I know it would always be irrational...
2006-12-27 19:49:58 · 2 answers · asked by Anonymous in Science & Mathematics ➔ Mathematics
Yes. Note that the set of algebraic numbers forms a field. This means that the set of algebraic numbers is closed under addition, multiplication, taking multiplicative inverses, and taking additive inverses. Thus, if x is transcendental (i.e., not algebraic), then so must its multiplicative inverse. Otherwise, x, being the multiplicative inverse of an algebraic number, would have to be algebraic itself.

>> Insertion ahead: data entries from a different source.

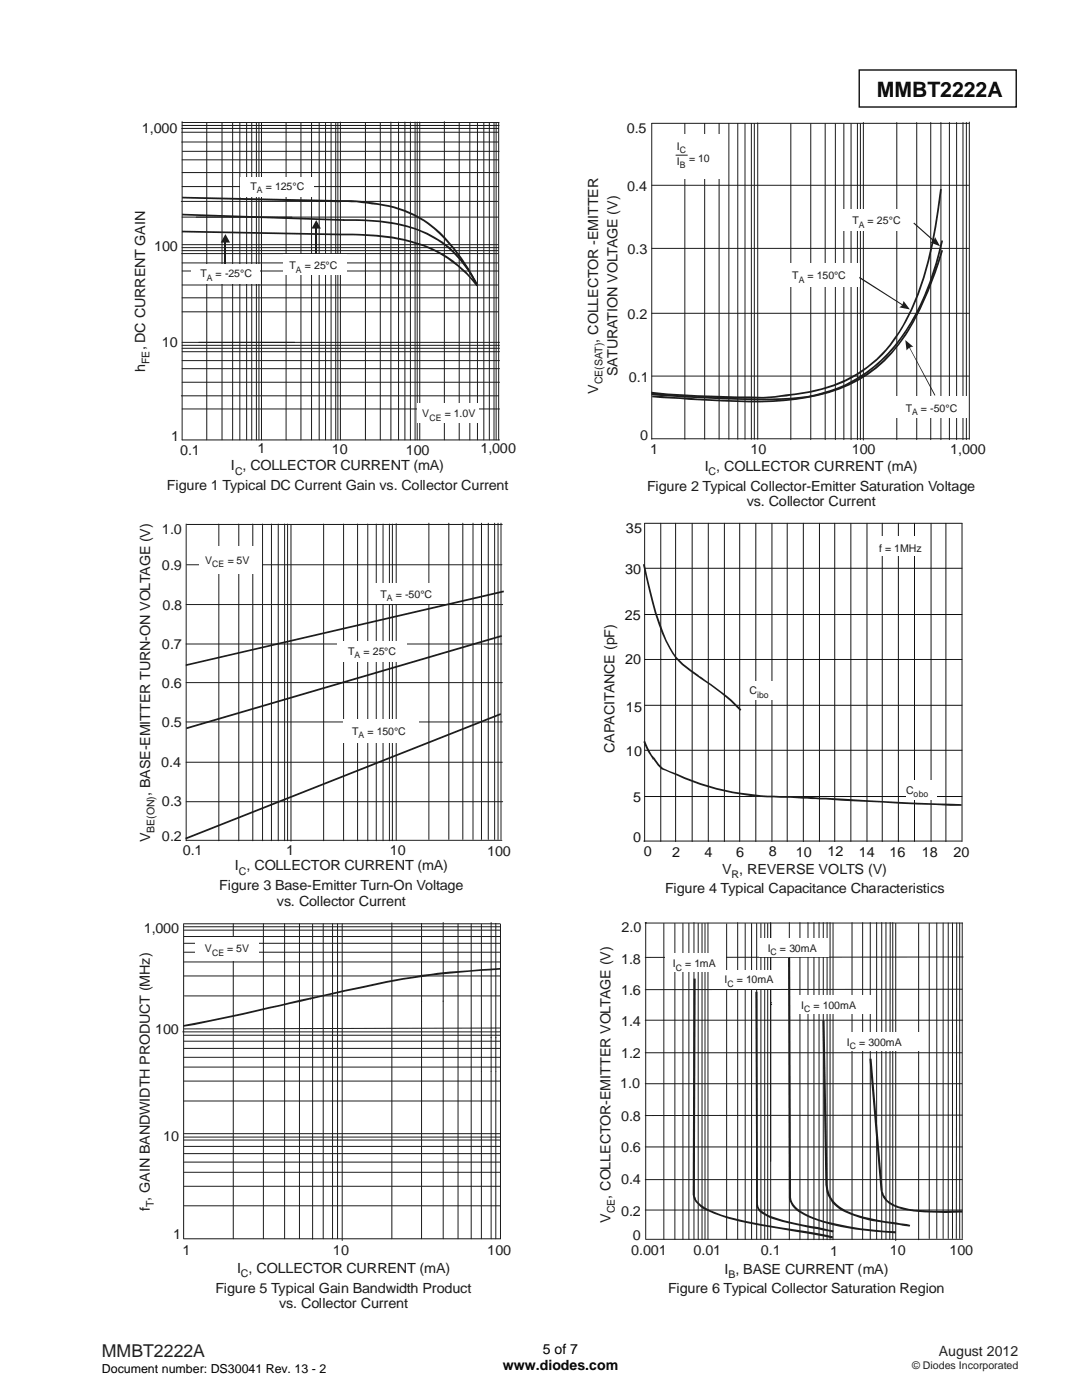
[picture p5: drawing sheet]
<svg xmlns="http://www.w3.org/2000/svg" width="216mm" height="279mm" viewBox="0 0 216 279" stroke-linecap="round" stroke-linejoin="round" font-family="sans-serif">
<path d="M171.4 14h31.4v7.4h-31.4z" fill="none" stroke="#000" stroke-width=".26"/>
<g fill="#fff">
<path d="M82.3 80.6h12v4.4h-12z"/>
<path d="M83.2 80.4h11.7v4.4h-11.7z"/>
</g>
<g fill="none" stroke="#1f1a17" stroke-width=".2">
<path d="M36.3 25.6h63.2M36.3 26.4h63.1M36.3 28.3h63.1M36.3 24.3v63.5h63.4M36.3 37.2h63.2M36.3 34.4h63.3M41.3 24.4v63.4M44.3 24.4v63.4M46.4 24.4v63.4M47.9 24.4v63.4M49.2 24.4v63.4M50.2 24.4v63.4"/>
<path d="M51.2 24.4v63.4M51.7 24.4v63.4M52.2 24.4v63.4M57.1 24.4v63.4M65.9 24.4h33.7M67 24.4v63.4M67.4 24.4v63.4M80.8 24.4v63.4M81.9 24.4v63.4M82.8 24.4v63.4M83.2 24.4v63.4M83.8 24.4v63.4"/>
<path d="M96.5 24.4v63.4M97.6 24.4v63.4M98.6 24.4v63.4M99 24.4v63.4M99.5 24.4v63.4M36.2 40.2h63.1M36.3 50.6h63.1M36.3 59.4h63.1M36.3 43.3h63.1M36.3 52.5h63.1M65.3 54.1h34.2M66.4 49.4h33.1"/>
<path d="M67.9 48.9v38.9M36.2 79h63.3M36.3 68.3h63.4M36.3 76.3h63.4M36.3 70.2h63.4M36.3 69.5h63.4M36.3 68.9h63.4M36.3 72h63.4M36.3 62.2h63.1M36.3 81.6h63.4"/>
</g>
<g fill="#1f1a17">
<path d="M36.3 42.7l32.4 1.1v.3l-32.4-1.1z"/>
<path d="M36.3 46l31.7 .6v.4l-31.7-.6z"/>
</g>
<g fill="none" stroke="#1f1a17" stroke-width=".2">
<path d="M36.3 24.4h29.8M36.3 31.9h63.2M36.3 25h63.3M36.4 30.2h63.2M60 24.4v63.4M62.2 24.4v63.4M63.7 24.4v63.4M65 24.4v63.4M66.1 24.4v63.4M67.9 24.4v24.9M72.9 24.4v63.4M75.9 24.4v63.4"/>
<path d="M78 24.4v63.4M79.5 24.4v63.4M88.7 24.3v63.5M91.6 24.5v63.3M93.7 24.4v63.4M95.3 24.4v63.4M36.3 56.9h63.1M36.3 50h63.1M36.3 49.4h30.1M36.3 48.8h63.1M36.3 54.1h29M36.3 73.6h63.4"/>
</g>
<g fill="#1f1a17">
<path d="M36.3 39.3l31.7 .6v.5l-31.7-.8z"/>
<path d="M67.8 39.9l4.4 .2v.4l-1.1-.1-3.2-.1zM72.2 40.1l4 .6-.1 .3-3.9-.5zM76.2 40.7a21.2 21.2 0 0 1 10.5 4.7l-.1 .3a21.3 21.3 0 0 0-10.5-4.7zM86.7 45.4a37.8 37.8 0 0 1 8.7 11.6l-.3 .1a36.5 36.5 0 0 0-8.5-11.4z"/>
<path d="M68 46.6a46.9 46.9 0 0 1 16.6 2.2l-.1 .4a46.9 46.9 0 0 0-16.5-2.2zM84.6 48.8a23.8 23.8 0 0 1 10.8 8.1l-.4 .1a24.6 24.6 0 0 0-10.5-7.8z"/>
<path d="M68.5 43.8a38.3 38.3 0 0 1 16.8 2.7l-.2 .3a34.2 34.2 0 0 0-14-2.7h-2.6zM85.3 46.5a22.2 22.2 0 0 1 10.1 10.4l-.3 .1a21.7 21.7 0 0 0-10-10.2z"/>
</g>
<g fill="#fff">
<path d="M47.9 35.4h14.8v3.8h-14.8z"/>
<path d="M38.2 52.7h13.7v3.9h-13.7z"/>
<path d="M56.5 50.8h12.7v4.1h-12.7z"/>
<path d="M83.2 80.5h12.3v4h-12.3z"/>
</g>
<path d="M63.1 43.9l.9 1.7h-1.8l.9-1.7 .9 1.7z" fill-rule="evenodd" fill="#1f1a17"/>
<path d="M63.1 45.4v5.3" fill="none" stroke="#1f1a17" stroke-width=".34"/>
<path d="M45 46.7l.9 1.7h-1.9l1-1.7 .9 1.7z" fill-rule="evenodd" fill="#1f1a17"/>
<path d="M45 48.2v4.5" fill="none" stroke="#1f1a17" stroke-width=".34"/>
<g fill="none" stroke="#1f1a17" stroke-width=".2">
<path d="M130 37h63.3M136.7 24.6v63.1M140.6 24.6v63.1M143.5 24.6v63.1M145.4 24.6v63.1M147.2 24.6v63.1M148.7 24.6v63.1M149.9 24.6v63.1M150.5 24.6v63.1M151.2 24.5v63.2M157.8 24.7v63M161.8 24.7v63"/>
<path d="M164.7 24.7v63M166.7 24.7v63M168.4 24.7v63M169.8 24.7v63M171.1 24.6v63.1M171.7 24.7v63M172.3 24.4v63.4M178.9 24.4v63.3M182.9 24.4v63.3M185.7 24.4v63.3M187.7 24.4v63.3M189.4 24.4v63.3"/>
<path d="M190.9 24.4v63.3M192.2 24.4v63.3M192.8 24.4v63.3M193.3 24.6h-63.3v63.1M193.4 24.4v63.3M130 49.6h63.3M130 62.5h63.4M130 75.1h63.3M130 87.6h63.4"/>
</g>
<g fill="#fff">
<path d="M167.8 41.9h14v4.2h-14z"/>
<path d="M178.8 79.2h14.1v4.2h-14.1z"/>
<path d="M156.2 52.5h15.4v4.8h-15.4z"/>
<path d="M134 26.6h9.8v9h-9.8z"/>
</g>
<path d="M134.9 31h2.3" fill="none" stroke="#1f1a17" stroke-width=".2"/>
<g fill="#1f1a17">
<path d="M171.5 55.2l9.4 6.1-.1 .1-9.4-5.9z"/>
<path d="M181 68.5h.1l5.5 10.4-.1 .1z"/>
<path d="M182.2 44.6l.2-.2 4.7 4.2-.2 .1z"/>
<path d="M130 78.2l3.2 .3 8.7 .5v.4l-11.9-.8zM141.9 79l10.1 .2v.3l-10.1-.1zM152 79.2h.4v.3h-.4zM152.4 79.2l4.5-.5 .1 .4-4.6 .4zM156.9 78.7l1.7-.2v.4l-1.6 .2zM158.6 78.5a27.3 27.3 0 0 0 18.9-9.8l.9-1.2 .3 .2a25.9 25.9 0 0 1-18.4 10.9l-1.7 .3zM187.6 37.7h.3a86.4 86.4 0 0 1-5.2 22.6l-2.3 4.7-1.7 2.7-.3-.2a47 47 0 0 0 7.1-17.2l1-5z"/>
<path d="M130.1 79l7.4 .4-.1 .4-7.3-.5zM137.5 79.4l6.8 .4v.3l-6.9-.3zM144.3 79.8l5.1 .2 4.8-.1 .1 .3-4.9 .1-5.1-.2zM154.2 79.9a51.9 51.9 0 0 0 8.8-1.2l.1 .3a51.9 51.9 0 0 1-8.8 1.2zM163 78.7a27.2 27.2 0 0 0 16.2-10.1l.3 .2a26.8 26.8 0 0 1-16.4 10.2zM187.8 49.9l.4 .1a68.7 68.7 0 0 1-7.4 16.9l-1.3 1.9-.3-.2a59.1 59.1 0 0 0 8.6-18.7z"/>
<path d="M130 78.5l14.4 .9v.3l-14.4-.8zM144.4 79.4l6.2 .1h5.6v.3l-5.6 .1-6.2-.2zM156.2 79.5v.3zM156.2 79.5l4.9-.5 1.6-.3 .1 .3-1.6 .4-3.3 .3-1.7 .1zM162.7 78.7l3-.8 2.9-1.1 .1 .2-2.9 1.2-3 .8zM187.8 48h.4a48.4 48.4 0 0 1-10.7 22.6 29.7 29.7 0 0 1-8.8 6.4l-.1-.2a32.1 32.1 0 0 0 15.1-16.4l1.4-3.2 1.1-3.2z"/>
</g>
<g fill="#1f1a17">
<path d="M180.3 60.1l1.3 1.7-2.1-.5 .6-.6z" fill-rule="evenodd"/>
<path d="M180.6 67.9l1.6 1.3h-.4l-.5 .3-.4 .4z" fill-rule="evenodd"/>
<path d="M186.6 47.3l1 1.8-2-.7 .8-.5z" fill-rule="evenodd"/>
</g>
<g fill="none" stroke="#1f1a17" stroke-width=".2">
<path d="M37.1 104.6v63.2M37.2 112.7h62.9M37.2 104.7h63M43.7 104.6v63.2M47.6 104.6v63.2M50.4 104.6v63.2M52.4 104.6v63.2M54.2 104.6v63.2M55.5 104.6v63.2M56.8 104.6v63.2M57.4 104.6v63.2M58.1 104.8v63.1"/>
<path d="M64.6 104.6v63.2M68.6 104.6v63.2M71.4 104.6v63.2M73.4 104.6v63.2M75.1 104.6v63.2M76.4 104.6v63.2M77.7 104.6v63.2M78.3 104.6v63.2M79.1 104.5v63.2M85.6 104.4v63.1M89.6 104.4v63.1M92.4 104.4v63.1"/>
<path d="M94.4 104.4v63.1M96.1 104.4v63.1M97.4 104.4v63.1M98.7 104.4v63.1M99.4 104.4v63.1M100 104.4v63.1M37.1 120.7h63.2M37.1 128.5h63M37.1 136.2h63.1M37.1 144.1h63.1M37.1 152.1h63.1M37.1 160h63.2"/>
<path d="M37.1 167.7h63"/>
</g>
<g fill="#1f1a17">
<path d="M37 167.2l62.9-24.9 .1 .4-62.9 24.8z"/>
<path d="M37.1 145.2l63-18.5v.4l-62.9 18.4z"/>
<path d="M37.1 132.6l63.4-14.7 .1 .3-63.5 14.7z"/>
</g>
<g fill="#fff">
<path d="M39.8 109.4h11.9v5h-11.9z"/>
<path d="M40.6 109.2h11.7v5h-11.7z"/>
<path d="M40.7 109.3h11v4.6h-11z"/>
<path d="M67.3 127.9h13.9v4.2h-13.9z"/>
<path d="M74.1 116.4h13.9v4.2h-13.9z"/>
<path d="M68.5 143.5h15.1v4.6h-15.1z"/>
</g>
<g fill="none" stroke="#131516" stroke-width=".2">
<path d="M128.6 113.4h63.4M131.8 104.4v63.5M134.8 104.4v63.5M138.1 104.4v63.5M141.3 104.4v63.5M144.5 104.4v63.5M147.6 104.4v63.5M150.8 104.4v63.5M154 104.4v63.5M157.1 104.4v63.5M160.3 104.4v63.5M163.5 104.4v63.5"/>
<path d="M166.6 104.4v63.5M169.8 104.4v63.5M173 104.4v63.5M176 104.4v63.5M179.3 104.4v63.5M182.5 104.4v63.5M185.8 104.4v63.5M188.7 104.4v63.5M128.6 131.6h63.4M128.6 122.6h63.4M128.6 159h63.4M128.6 149.7h63.4"/>
<path d="M128.6 140.8h63.4M128.5 167.9h63.4M128.6 167.9v-63.5h63.4v63.5"/>
</g>
<g fill="#1f1a17">
<path d="M128.3 112.6h.3l2.4 9.7-.3 .1zM130.7 122.4l.3-.1a42.1 42.1 0 0 0 2.8 6.9l-.3 .2a32.2 32.2 0 0 1-2.8-7zM133.5 129.4l.3-.2a10.8 10.8 0 0 0 4.1 4.4l1.4 1.1-.2 .3a15.4 15.4 0 0 1-5-4.6zM139.3 134.7l.6 .4-.2 .3-.6-.4zM139.9 135.1l4.1 2.9-.2 .3-4.1-2.9zM144 138l2 1.7 1.9 1.9-.2 .3-2-2-1.9-1.6z"/>
<path d="M132.1 153.2l1.5 .7-.1 .2-1.5-.6zM133.6 153.9a63.7 63.7 0 0 0 10.7 3.7l6.2 .9-.1 .5a52.1 52.1 0 0 1-16.9-4.9zM150.5 158.5l5.2 .4v.3l-5.3-.2zM155.7 158.9l4.4 .1v.4l-4.4-.2zM160.1 159h1v.4h-1zM161.1 159l3.7 .2v.4l-3.7-.2zM164.8 159.2l15.6 .9 11.5 .4v.3a585.2 585.2 0 0 1-27.1-1.2z"/>
<path d="M128.4 148l.3-.1a11.3 11.3 0 0 0 1.9 3.4l-.4 .2-.9-1.4zM130.2 151.5l.4-.2zM130.2 151.5l.4-.2 .2 .3-.2 .2zM130.6 151.8h.1zM130.6 151.8l.2-.2 1.5 1.7-.3 .2z"/>
</g>
<g fill="#fff">
<path d="M174.9 107.1h10.5v3.9h-10.5z"/>
<path d="M180.8 155.7h6v3.8h-6z"/>
<path d="M148.8 135.8h5.4v3.8h-5.4z"/>
</g>
<g fill="none" stroke="#1f1a17" stroke-width=".2">
<path d="M36.6 184.4v62.8M36.7 184.4h63.1M36.7 185h63.1M36.7 194.8h63.1M36.7 192h63.1M36.7 190h63.1M36.7 186.9h63.1M36.7 188.3h63.1M36.7 185.6h63.1M36.8 198.8h63M46.5 184.4v62.8M52.6 184.4v62.8"/>
<path d="M56.8 184.4v62.8M59.8 184.4v62.8M62.4 184.4v62.9M64.5 184.4v62.8M66.4 184.4v62.8M67.4 184.4v62.8M68.3 184.4v63.2M78.2 184.2v63M84.1 184.3v62.9M88.4 184.1v63.1M91.4 184.4v62.8M94 184.4v62.8"/>
<path d="M96.1 184.4v62.8M98 184.1v63.1M98.9 184.3v62.9M99.9 184.4v62.8h-63.2M36.5 205.9h63.4M36.6 211h63.3M36.7 215.8h63.2M36.7 207.8h63.2M36.7 209.2h63.2M36.7 219.7h63.2M36.7 213h63.2M36.7 206.6h63.2"/>
<path d="M99.9 205.2l-63.2 .1M36.7 226.3h63.2M36.7 234h63.2M36.7 228.8h63.2M36.7 227.5h63.2M36.7 226.9h63.2M36.7 236.7h63.2M36.7 230.2h63.2M36.7 231.9h63.2M36.7 240.6h63.2"/>
</g>
<path d="M36.6 204.6l9.1-1.8 8-1.8v.3l-14.9 3.3-2.2 .3zM53.7 201l8.3-1.9v.3l-8.3 1.9zM62 199.3v.1zM62 199.1v.3zM62 199.3v.1zM62 199.1l4.5-1 .1 .3-4.6 1zM66.5 198.1l12.3-2.6 5.6-1 .1 .4-6.8 1.1-11.1 2.4zM84.4 194.5l.1 .4zM84.5 194.5l4.5-.5 7-.6 1.6-.1 .1 .4-7.7 .6-5.5 .6zM97.6 193.3l2.3-.1v.3l-2.2 .2z" fill="#1f1a17"/>
<g fill="#fff">
<path d="M39 187.2h12v4.4h-12z"/>
<path d="M39.9 187.1h11.6v4.4h-11.6z"/>
<path d="M39.9 187.2h9.6v3.9h-9.6z"/>
</g>
<g fill="none" stroke="#1f1a17" stroke-width=".2">
<path d="M128.8 184.2h.1M128.8 184.1h.1M128.8 184.2h63.3M128.8 184.3v63M132.5 184.3v63M134.7 184.3v63M136.3 184.3v63M137.5 184.3v63M138.5 184.1v63.2M139.3 184.3v63M140.1 184.3v63M140.7 184.3v63"/>
<path d="M141.3 184.2v63.1M145 184.4v62.9M147.2 184.1v63.2M148.7 184.3v63M150 184.3v63M151 184.3v63M151.8 184.3v63M152.6 184.3v63M153.2 184.3v63M153.8 184.1v63.2M157.5 184.1v63.3M159.6 184.1v63.3"/>
<path d="M161.2 184.1v63.3M162.4 184.1v63.3M163.4 184.1v63.3M164.3 184.1v63.3M165 184.1v63.3M165.6 184.1v63.3M166.2 184.2v63.2M170 184.1v63.2M172.1 184.1v63.2M173.7 184.1v63.2M174.9 184.1v63.2M175.9 184.1v63.2"/>
<path d="M176.8 184.1v63.2M177.6 184.1l-.1 63.2M178.1 184.1v63.2M178.7 184.3v63.3M183.3 184.3v63.1M185.4 184.3v62.9M186.9 184.2v63M188.2 184.2v63M189.2 184.2v63M190.1 184.2v63M190.9 184.2l-.1 63M191.5 184.2v63"/>
<path d="M192 184.2v63M153.8 200.1h.1M153.8 200.5h.1M128.9 247.3h63.2"/>
</g>
<g fill="#1f1a17">
<path d="M164.1 203.7h.4l.6 32.7h-.4zM164.7 236.4h.4a6.1 6.1 0 0 0 4.5 5.5l3.6 1.1 3.3 .7 2.2 .2-.1 .5-2.2-.4a24 24 0 0 1-8.8-2.6 6.3 6.3 0 0 1-2.9-5zM178.7 243.9l2.9 .6-.1 .3-2.9-.4z"/>
<path d="M157.2 191.2h.5l.1 47.6h-.4zM157.4 238.8h.4v.2l-.4 .1zM157.4 239.1l.4-.1a2.92 2.92 0 0 0 .9 1.7l-.4 .3-.3-.4-.5-1zM158.3 241l.4-.3 .8 .8 1.1 .7-.1 .3-1.2-.7zM160.6 242.2l.9 .4a28 28 0 0 0 7.7 2.1 75.6 75.6 0 0 0 9.5 1v.4a55.1 55.1 0 0 1-17.4-3.2l-.8-.4z"/>
<path d="M173.5 211.3h.4l2.2 26.1h-.4zM175.7 237.4h.4a4.1 4.1 0 0 0 3.2 3.3 38.6 38.6 0 0 0 11.9 .9v.4a54.2 54.2 0 0 1-10.5-.5 6.6 6.6 0 0 1-4.6-2.7zM191.2 241.6h.8v.4h-.8z"/>
<path d="M138.4 195.3h.4l-.2 43.1h-.4zM138.2 238.4h.4v.3a3.2 3.2 0 0 0 2 2.2l.9 .5a28.3 28.3 0 0 0 7 2.2l10.3 1.8-.1 .4a103.8 103.8 0 0 1-14.4-2.9l-2.1-.8a5.7 5.7 0 0 1-3.9-3.3zM158.8 245.4l7.4 1.3-.1 .5-7.4-1.4z"/>
<path d="M150.7 197.9h.5v42.4h-.3zM150.9 240.3h.3a3.1 3.1 0 0 0 2.2 2.2l3 1 5.6 1.2-.1 .4a38.2 38.2 0 0 1-8.9-2.3 2.83 2.83 0 0 1-2.1-2.5zM162 244.7l4.3 .9-.1 .4-4.3-.9z"/>
</g>
<path d="M192 197.4l-63.2 .1M192.2 191l-63.4 .1M128.8 203.6h63.3M128.8 210.1h63.1M128.8 216.3h63.1M128.8 235.4h63.2M128.8 228.9h63.2M192 222.5l-63.2 .1M128.8 241.5h63.2" fill="none" stroke="#1f1a17" stroke-width=".2"/>
<g fill="#fff">
<path d="M132.6 190.2h12.1v3.8h-12.1z"/>
<path d="M141.5 193.5h14.3v3.8h-14.3z"/>
<path d="M151.6 187.2h13.8v3.7h-13.8z"/>
<path d="M158.3 198.5h15.7v3.7h-15.7z"/>
<path d="M167.4 206h16.1v3.7h-16.1z"/>
</g>
<text font-size="4.2" x="174.9" y="19.3">MMBT2222A</text>
<text font-size="3.5" fill="#231f20" x="20.3" y="270.9">MMBT2222A</text>
<g font-size="2.8" fill="#1f1a17">
<text x="28.3" y="26.5">1,000</text>
<text x="125.1" y="26.6">0.5</text>
<text x="125.1" y="38.2">0.4</text>
<text x="30.8" y="50">100</text>
<text x="125.2" y="50.7">0.3</text>
<text x="125.2" y="63.7">0.2</text>
<text x="29" y="69.9" transform="rotate(-90 29 69.9)">, DC CURRENT GAIN</text>
<text x="32.3" y="69.2">10</text>
<text x="119.4" y="68.4" transform="rotate(-90 119.4 68.4)">, COLLECTOR -EMITTER</text>
<text x="29" y="74.3" transform="rotate(-90 29 74.3)">h</text>
<text x="123.2" y="75.1" transform="rotate(-90 123.2 75.1)">SATURATION VOLTAGE (V)</text>
<text x="125.5" y="76.2">0.1</text>
<text x="119.4" y="78.6" transform="rotate(-90 119.4 78.6)">V</text>
<text x="34.1" y="88.1">1</text>
<text x="127.8" y="87.8">0</text>
<text x="35.9" y="90.8">0.1</text>
<text x="46.1" y="93.9">I , COLLECTOR CURRENT (mA)</text>
<text x="51.4" y="90.3">1</text>
<text x="66.2" y="90.7">10</text>
<text x="81" y="90.8">100</text>
<text x="95.9" y="90.3">1,000</text>
<text x="129.7" y="90.7">1</text>
<text x="140.6" y="94">I , COLLECTOR CURRENT (mA)</text>
<text x="149.8" y="90.6">10</text>
<text x="170" y="90.7">100</text>
<text x="189.6" y="90.5">1,000</text>
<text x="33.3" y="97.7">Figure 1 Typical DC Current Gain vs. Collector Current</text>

Consult any introductory book on Galois theory.
2006-12-27 19:55:40 · answer #1 · answered by robert 3 · 5⤊ 0⤋
Answer #1 works for me.
OR:
Suppose x is a non-zero number and 1/x is a root of some polynomial p(T) =an*T^n+... +a1*T+a0. Then p(1/x)=0 so an*(1/x)^n+... +a0 =0 then when you multiply by x^n and clean things up you get an+a(n-1)*x+ ...+a1*x^(n-1) +a0*x^n = x^n*0 = 0. So x is a solution to a polynomial.
Therefore, if 1/x is algebraic then x is algebraic. The contrapositive of this is: if x is not algebraic then 1/x is not algebraic. Substitute the definition: if x is tanscendental then 1/x is transcendental.
The 1/x business is used for continued fractions if you end up studying them.
2006-12-28 10:43:15 · answer #2 · answered by a_math_guy 5 · 1⤊ 0⤋